Les sociologues et les philosophes nous ont bien montré toute l’importance que la confiance, comme phénomène social, est « l’une des forces de synthèse les plus importantes au sein de la société »1 et qu’elle est souvent considérée comme le ciment de nos sociétés.2 Pour ce qui concerne plus spécifiquement le milieu médical, la confiance est un élément fondamental de tout rapport thérapeutique et probablement encore plus en psychiatrie que dans les autres spécialités médicales.
Or, il faut bien reconnaître que cette valeur essentielle est bien mise à mal aujourd’hui par de nombreux aspects. De façon générale, dans nos sociétés, la méfiance est une valeur qui prend une place considérable dans les rapports avec nos autorités et « la confiance peine à trouver sa place ».3 Les exemples récents sont nombreux : règne des « fausses nouvelles » sur les réseaux sociaux et dans certaines presses ; théorie du complot ; judiciarisation rapide de toutes difficultés dans les rapports humains ; multiplication des outils de contrôle de toutes sortes dans la gestion du milieu du travail ; dévalorisation du discours scientifique et du discours politique ; règne des fausses promesses, etc.

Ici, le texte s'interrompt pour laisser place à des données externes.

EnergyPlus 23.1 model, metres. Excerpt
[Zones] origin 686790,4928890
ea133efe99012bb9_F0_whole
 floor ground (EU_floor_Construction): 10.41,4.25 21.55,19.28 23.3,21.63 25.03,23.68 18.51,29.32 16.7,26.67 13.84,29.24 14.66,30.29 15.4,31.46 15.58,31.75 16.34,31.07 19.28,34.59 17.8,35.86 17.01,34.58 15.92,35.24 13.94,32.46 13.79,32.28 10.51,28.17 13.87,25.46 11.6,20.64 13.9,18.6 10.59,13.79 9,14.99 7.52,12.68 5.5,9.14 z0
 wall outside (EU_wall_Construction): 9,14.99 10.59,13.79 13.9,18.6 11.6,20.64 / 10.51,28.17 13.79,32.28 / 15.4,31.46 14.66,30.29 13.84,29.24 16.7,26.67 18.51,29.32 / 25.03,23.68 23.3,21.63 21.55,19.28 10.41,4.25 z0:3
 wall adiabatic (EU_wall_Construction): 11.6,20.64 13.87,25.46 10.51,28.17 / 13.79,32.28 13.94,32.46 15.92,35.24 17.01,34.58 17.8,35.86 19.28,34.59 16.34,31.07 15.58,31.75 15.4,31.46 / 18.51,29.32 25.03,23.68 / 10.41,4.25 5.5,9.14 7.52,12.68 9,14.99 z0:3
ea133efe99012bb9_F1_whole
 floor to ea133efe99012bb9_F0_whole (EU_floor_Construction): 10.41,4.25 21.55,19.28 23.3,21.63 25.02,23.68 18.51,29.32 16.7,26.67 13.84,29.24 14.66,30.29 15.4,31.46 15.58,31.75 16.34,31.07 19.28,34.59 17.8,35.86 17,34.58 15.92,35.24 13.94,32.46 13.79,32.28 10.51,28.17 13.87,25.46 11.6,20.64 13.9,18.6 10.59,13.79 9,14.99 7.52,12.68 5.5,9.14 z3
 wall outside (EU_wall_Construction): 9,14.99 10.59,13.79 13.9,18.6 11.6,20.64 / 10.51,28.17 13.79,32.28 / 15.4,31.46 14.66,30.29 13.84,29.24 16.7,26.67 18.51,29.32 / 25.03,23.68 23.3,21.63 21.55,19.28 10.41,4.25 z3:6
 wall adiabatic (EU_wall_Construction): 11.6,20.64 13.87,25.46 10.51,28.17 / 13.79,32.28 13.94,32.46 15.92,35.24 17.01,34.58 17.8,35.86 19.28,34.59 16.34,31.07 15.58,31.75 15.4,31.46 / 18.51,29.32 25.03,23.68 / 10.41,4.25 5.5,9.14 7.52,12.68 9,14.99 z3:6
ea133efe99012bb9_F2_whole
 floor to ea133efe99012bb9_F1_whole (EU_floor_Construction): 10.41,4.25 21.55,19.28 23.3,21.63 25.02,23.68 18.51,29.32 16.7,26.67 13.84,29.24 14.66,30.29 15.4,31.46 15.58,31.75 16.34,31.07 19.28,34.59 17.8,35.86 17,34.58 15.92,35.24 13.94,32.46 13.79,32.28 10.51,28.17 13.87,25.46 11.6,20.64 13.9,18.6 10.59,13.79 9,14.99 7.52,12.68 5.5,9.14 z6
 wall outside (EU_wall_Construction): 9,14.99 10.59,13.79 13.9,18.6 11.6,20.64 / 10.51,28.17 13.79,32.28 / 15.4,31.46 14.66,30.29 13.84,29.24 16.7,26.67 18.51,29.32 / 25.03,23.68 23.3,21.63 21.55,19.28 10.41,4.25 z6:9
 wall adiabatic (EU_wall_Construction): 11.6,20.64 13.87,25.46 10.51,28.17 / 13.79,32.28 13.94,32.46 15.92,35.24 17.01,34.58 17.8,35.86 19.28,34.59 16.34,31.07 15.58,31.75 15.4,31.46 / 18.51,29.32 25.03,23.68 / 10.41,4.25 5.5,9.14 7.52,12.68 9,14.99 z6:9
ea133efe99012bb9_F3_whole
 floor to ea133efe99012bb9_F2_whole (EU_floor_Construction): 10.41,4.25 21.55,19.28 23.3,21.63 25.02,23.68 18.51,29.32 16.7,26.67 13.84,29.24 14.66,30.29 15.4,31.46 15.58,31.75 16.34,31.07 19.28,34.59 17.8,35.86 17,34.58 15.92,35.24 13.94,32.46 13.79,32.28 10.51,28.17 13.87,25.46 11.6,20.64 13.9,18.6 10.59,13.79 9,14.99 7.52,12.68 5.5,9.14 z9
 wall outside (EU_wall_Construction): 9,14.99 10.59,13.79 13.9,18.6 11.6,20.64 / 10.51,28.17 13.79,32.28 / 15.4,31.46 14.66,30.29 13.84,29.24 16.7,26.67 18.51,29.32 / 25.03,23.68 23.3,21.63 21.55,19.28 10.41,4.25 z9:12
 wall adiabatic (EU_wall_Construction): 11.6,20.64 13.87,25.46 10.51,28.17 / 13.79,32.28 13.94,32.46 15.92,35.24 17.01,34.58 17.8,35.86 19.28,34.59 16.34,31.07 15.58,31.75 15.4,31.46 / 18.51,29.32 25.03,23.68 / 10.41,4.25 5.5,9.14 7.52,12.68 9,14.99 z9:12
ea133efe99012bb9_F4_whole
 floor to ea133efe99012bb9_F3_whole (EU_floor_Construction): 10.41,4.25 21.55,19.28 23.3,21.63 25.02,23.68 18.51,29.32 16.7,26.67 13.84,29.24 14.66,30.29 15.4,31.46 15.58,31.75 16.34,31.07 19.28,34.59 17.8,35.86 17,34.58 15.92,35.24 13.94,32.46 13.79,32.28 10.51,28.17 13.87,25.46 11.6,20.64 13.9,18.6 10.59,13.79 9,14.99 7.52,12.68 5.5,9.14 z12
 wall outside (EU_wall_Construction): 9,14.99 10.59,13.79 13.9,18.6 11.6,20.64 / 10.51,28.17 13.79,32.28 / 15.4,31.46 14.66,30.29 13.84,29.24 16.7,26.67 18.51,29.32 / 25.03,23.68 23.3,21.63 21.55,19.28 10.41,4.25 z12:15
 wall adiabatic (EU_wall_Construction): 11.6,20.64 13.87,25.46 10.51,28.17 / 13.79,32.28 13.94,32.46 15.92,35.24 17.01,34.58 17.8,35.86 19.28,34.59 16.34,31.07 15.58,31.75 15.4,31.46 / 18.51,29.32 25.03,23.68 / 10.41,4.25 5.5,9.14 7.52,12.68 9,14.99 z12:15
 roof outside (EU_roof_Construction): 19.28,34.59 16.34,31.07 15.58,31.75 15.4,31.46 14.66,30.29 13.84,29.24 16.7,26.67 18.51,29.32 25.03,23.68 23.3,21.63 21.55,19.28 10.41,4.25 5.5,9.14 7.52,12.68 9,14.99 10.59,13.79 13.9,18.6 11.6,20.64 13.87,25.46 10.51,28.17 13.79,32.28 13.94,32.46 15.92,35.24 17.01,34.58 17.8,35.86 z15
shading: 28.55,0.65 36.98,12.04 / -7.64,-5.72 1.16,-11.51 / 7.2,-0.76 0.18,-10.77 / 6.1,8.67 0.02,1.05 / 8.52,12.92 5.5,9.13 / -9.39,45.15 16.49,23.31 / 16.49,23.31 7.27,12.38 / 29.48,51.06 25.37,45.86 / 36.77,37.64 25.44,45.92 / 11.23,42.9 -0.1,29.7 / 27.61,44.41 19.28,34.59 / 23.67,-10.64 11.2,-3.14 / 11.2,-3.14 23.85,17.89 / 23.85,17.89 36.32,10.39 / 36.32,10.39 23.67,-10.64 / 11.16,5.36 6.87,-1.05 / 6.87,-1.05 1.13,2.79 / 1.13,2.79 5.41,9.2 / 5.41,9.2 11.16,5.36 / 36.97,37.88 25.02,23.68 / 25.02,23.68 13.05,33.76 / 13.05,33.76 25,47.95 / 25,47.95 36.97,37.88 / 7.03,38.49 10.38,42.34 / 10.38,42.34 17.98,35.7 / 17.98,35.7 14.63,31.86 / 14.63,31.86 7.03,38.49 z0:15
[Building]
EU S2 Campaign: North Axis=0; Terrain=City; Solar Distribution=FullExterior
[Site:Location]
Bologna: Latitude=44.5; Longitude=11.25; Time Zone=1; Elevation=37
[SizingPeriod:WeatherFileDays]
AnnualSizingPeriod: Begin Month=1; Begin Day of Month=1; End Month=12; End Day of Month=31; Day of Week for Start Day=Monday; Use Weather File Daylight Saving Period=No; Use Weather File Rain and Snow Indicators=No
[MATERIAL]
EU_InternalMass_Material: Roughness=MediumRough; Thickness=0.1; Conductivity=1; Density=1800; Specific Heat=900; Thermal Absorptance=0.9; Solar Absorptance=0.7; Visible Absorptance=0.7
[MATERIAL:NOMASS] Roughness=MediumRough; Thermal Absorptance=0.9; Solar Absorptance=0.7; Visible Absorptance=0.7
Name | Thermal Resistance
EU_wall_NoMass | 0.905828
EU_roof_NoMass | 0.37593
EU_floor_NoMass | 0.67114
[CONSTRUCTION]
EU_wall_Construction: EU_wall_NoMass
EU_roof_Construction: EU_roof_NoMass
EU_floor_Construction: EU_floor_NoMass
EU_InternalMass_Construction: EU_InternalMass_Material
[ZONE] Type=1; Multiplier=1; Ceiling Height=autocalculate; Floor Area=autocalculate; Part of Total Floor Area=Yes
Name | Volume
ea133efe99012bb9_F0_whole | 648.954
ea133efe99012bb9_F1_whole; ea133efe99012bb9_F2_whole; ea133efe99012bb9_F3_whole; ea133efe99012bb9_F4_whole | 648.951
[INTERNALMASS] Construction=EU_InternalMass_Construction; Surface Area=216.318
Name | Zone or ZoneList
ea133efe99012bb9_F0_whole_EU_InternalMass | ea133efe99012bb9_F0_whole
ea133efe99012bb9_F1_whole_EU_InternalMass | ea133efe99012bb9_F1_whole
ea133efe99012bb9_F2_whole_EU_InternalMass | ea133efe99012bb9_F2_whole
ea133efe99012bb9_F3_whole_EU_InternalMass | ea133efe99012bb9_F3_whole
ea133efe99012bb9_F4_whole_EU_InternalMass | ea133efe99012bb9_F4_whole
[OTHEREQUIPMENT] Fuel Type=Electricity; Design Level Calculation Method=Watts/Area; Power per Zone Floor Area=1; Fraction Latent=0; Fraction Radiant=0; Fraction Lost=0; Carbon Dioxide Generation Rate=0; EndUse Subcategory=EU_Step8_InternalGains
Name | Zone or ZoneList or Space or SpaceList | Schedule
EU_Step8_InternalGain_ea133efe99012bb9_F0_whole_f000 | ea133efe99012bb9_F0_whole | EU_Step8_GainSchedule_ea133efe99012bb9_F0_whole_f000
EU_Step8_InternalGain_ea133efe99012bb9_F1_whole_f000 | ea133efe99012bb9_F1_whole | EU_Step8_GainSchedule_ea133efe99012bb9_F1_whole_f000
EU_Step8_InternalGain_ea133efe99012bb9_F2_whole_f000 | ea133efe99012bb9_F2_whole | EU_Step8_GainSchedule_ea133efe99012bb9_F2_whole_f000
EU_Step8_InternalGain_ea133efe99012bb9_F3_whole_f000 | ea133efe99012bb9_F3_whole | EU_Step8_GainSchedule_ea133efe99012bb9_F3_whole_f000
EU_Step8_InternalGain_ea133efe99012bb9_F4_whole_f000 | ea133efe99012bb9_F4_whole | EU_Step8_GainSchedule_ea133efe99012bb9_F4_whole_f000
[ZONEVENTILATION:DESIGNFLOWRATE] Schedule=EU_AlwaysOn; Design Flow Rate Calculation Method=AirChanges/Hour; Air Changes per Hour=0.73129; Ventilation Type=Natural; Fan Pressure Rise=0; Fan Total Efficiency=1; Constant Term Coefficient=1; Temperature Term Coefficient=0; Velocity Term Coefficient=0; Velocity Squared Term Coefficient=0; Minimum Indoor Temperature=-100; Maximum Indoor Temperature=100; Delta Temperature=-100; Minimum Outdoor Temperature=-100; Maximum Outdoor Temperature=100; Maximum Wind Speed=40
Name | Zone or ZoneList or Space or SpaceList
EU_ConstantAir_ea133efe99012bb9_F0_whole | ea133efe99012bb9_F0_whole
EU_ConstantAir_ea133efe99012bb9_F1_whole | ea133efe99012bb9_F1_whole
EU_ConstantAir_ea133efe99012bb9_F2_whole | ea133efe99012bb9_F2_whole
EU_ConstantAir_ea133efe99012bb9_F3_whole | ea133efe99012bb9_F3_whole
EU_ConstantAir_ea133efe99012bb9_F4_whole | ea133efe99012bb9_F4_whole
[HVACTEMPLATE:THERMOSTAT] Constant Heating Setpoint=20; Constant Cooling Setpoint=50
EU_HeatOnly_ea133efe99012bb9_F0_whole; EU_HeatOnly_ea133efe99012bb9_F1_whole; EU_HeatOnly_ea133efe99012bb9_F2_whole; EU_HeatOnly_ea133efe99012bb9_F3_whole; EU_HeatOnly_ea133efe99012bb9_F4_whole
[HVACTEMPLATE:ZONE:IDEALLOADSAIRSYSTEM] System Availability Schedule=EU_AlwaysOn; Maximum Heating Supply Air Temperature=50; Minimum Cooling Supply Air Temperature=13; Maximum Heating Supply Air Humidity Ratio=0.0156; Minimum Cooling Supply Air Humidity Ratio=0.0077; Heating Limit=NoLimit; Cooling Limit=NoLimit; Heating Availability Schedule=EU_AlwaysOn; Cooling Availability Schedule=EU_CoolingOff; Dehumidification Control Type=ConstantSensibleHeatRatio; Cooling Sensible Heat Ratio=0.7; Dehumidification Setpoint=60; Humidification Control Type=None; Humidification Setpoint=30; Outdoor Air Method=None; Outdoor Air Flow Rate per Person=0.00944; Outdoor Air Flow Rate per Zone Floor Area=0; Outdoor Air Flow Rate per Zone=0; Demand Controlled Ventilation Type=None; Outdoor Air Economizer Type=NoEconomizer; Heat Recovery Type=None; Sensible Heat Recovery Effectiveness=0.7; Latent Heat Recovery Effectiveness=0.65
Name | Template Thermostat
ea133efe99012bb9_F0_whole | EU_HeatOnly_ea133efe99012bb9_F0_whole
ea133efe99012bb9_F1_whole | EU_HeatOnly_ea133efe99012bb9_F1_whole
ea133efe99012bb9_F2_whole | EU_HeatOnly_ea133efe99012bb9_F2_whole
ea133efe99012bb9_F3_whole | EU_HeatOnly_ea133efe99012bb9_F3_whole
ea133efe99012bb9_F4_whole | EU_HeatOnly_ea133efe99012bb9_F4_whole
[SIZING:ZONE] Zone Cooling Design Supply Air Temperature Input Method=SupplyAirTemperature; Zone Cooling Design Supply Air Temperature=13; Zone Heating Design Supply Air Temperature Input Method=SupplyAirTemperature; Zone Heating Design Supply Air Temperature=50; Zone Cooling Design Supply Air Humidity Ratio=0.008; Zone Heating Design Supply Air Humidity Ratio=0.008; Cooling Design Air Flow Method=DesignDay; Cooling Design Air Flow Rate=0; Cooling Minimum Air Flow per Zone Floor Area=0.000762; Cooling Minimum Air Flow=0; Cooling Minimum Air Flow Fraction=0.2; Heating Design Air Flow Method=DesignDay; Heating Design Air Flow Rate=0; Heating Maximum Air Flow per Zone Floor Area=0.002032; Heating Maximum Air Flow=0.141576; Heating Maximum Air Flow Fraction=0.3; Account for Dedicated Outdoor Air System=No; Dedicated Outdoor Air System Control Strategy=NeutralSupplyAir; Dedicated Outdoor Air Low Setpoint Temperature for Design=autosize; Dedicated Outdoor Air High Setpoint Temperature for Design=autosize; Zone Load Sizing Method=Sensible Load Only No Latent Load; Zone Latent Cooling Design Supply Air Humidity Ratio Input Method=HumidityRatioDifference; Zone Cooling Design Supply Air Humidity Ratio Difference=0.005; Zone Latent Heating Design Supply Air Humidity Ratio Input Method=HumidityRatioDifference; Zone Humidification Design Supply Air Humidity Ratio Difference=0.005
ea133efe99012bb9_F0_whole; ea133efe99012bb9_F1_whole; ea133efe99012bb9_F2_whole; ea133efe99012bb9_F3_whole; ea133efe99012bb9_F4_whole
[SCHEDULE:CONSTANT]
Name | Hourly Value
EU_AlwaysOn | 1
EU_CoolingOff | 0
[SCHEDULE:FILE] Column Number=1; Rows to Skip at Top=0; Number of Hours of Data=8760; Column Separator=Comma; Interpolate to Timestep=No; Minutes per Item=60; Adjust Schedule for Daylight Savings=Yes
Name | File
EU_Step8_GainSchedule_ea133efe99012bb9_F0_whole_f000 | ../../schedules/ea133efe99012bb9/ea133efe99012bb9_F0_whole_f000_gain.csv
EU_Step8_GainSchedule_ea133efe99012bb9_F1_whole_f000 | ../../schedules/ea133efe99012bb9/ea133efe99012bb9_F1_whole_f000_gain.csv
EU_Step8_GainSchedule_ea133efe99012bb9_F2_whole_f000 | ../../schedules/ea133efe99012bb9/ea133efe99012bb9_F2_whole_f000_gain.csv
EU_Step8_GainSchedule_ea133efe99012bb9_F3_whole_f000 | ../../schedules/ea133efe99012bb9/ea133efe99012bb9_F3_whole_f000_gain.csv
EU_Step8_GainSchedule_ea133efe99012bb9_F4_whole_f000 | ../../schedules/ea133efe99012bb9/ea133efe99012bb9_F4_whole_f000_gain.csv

Ce qui est peut-être valable pour les actes médicaux purement techniques ne peut pas s’appliquer sans autres à toute la médecine
Plus directement proche de nous, la façon dont le Conseil fédéral tente d’imposer une nouvelle tarification des actes médicaux en est un bon exemple pris dans l’actualité. Cette nouvelle tarification, comme l’ont bien montré nos collègues Michel Matter et Didier Chatelain,4 va à l’encontre du bon sens et remet en cause la rencontre nécessairement unique avec son patient et l’expression spécifique d’une maladie différente pour chaque individu – ce que l’on définit encore comme la médecine humaine. Ce qui est peut-être valable pour les actes médicaux purement techniques ne peut pas s’appliquer sans autres à toute la médecine. La grande majorité des actes médicaux ne peuvent décidément pas se résoudre à des minutages de prestations valables de façon générale pour toutes personnes qui seraient ainsi réduites à leur maladie.
Comment garder confiance dans nos autorités fédérales qui proposent une solution à un réel problème – l’augmentation des coûts de la santé – de façon aussi unilatérale en faveur d’un contrôle des coûts des actes médicaux dans la logique exclusivement économique (et encore ceci à court terme) des assureurs-maladie ? Cette façon de procéder n’est-elle pas le signe d’une grande suspicion de nos autorités envers les médecins qui sont ainsi pointés comme les principaux responsables des coûts de la santé.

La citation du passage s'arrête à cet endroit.